## [Supplied material]

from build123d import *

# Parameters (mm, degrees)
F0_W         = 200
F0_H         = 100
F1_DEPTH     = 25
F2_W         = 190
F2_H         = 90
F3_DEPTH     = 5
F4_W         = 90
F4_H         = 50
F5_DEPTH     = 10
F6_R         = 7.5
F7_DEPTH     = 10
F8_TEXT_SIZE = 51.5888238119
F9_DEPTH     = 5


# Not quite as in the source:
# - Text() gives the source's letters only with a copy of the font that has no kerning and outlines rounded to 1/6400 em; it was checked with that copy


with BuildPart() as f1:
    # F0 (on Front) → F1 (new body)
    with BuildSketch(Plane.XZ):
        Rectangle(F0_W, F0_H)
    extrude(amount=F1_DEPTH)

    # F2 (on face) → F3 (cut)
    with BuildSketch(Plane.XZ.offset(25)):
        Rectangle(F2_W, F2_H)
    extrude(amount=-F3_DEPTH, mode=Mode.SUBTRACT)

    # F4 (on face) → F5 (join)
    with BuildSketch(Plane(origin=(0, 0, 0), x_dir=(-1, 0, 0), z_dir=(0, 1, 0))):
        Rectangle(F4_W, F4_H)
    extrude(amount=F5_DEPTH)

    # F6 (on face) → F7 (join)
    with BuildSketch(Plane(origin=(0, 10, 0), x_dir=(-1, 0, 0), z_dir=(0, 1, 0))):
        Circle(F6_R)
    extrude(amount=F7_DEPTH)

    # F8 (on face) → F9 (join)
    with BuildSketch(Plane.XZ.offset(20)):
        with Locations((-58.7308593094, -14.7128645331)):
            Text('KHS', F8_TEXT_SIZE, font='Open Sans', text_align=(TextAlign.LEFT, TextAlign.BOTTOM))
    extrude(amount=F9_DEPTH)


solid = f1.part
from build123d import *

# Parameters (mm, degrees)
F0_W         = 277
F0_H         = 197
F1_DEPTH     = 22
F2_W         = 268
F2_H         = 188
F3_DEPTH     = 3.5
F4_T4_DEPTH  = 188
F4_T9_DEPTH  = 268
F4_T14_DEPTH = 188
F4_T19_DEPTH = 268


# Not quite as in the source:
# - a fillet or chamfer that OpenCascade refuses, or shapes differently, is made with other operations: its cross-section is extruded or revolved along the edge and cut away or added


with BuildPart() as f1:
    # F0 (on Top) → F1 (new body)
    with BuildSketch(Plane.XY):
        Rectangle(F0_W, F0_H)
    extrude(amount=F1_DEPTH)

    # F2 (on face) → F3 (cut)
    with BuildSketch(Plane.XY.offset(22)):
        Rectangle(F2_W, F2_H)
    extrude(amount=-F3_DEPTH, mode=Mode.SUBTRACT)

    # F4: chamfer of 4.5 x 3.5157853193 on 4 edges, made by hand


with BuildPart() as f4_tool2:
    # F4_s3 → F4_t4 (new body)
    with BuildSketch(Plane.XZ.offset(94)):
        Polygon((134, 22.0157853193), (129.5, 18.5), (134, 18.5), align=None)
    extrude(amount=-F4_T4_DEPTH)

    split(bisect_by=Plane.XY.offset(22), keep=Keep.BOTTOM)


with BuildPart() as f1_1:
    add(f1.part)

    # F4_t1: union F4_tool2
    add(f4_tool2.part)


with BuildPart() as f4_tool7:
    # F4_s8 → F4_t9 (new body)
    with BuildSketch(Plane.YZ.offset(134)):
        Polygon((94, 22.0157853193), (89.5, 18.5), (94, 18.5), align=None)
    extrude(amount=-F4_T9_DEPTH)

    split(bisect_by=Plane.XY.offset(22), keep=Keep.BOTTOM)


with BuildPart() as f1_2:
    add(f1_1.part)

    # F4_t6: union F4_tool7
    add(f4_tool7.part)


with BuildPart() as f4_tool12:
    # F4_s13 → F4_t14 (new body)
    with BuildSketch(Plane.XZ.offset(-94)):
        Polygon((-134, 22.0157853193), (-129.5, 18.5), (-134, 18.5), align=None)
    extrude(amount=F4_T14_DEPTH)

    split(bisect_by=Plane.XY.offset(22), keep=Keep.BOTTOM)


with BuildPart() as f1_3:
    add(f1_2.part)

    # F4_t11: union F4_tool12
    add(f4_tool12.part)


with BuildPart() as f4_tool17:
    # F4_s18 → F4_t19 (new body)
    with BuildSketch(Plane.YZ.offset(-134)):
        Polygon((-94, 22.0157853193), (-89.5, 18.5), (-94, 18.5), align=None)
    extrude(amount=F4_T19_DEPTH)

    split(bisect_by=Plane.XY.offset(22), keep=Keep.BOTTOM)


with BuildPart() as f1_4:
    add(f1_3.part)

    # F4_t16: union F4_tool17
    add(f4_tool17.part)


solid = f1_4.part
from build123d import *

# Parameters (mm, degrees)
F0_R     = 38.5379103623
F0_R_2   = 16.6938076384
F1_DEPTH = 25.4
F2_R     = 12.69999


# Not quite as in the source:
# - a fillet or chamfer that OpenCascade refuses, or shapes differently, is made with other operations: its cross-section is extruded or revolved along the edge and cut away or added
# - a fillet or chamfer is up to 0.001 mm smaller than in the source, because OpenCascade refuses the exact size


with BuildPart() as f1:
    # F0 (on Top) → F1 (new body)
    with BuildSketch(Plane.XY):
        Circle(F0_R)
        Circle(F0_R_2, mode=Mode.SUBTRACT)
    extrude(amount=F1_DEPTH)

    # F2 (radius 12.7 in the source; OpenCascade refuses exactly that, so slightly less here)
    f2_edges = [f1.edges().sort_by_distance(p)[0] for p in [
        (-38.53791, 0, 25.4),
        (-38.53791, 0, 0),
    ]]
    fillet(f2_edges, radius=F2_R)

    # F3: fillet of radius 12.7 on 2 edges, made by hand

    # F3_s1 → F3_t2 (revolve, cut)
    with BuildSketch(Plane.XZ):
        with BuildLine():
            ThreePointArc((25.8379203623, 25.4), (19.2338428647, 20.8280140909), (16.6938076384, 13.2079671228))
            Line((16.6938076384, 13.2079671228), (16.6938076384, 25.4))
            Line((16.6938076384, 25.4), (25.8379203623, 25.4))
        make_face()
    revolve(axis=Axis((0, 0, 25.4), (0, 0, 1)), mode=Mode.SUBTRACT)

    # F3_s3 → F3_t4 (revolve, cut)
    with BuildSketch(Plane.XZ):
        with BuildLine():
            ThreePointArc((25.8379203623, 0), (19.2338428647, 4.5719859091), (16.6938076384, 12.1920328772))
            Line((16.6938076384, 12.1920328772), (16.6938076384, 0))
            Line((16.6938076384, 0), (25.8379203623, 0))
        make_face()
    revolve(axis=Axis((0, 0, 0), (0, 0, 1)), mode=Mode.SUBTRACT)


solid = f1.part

## [Problem description]
If a line in the records above includes the string "BuildPart", copy it.

## [Solution to this problem]
with BuildPart() as f1:
with BuildPart() as f1:
with BuildPart() as f4_tool2:
with BuildPart() as f1_1:
with BuildPart() as f4_tool7:
with BuildPart() as f1_2:
with BuildPart() as f4_tool12:
with BuildPart() as f1_3:
with BuildPart() as f4_tool17:
with BuildPart() as f1_4:
with BuildPart() as f1:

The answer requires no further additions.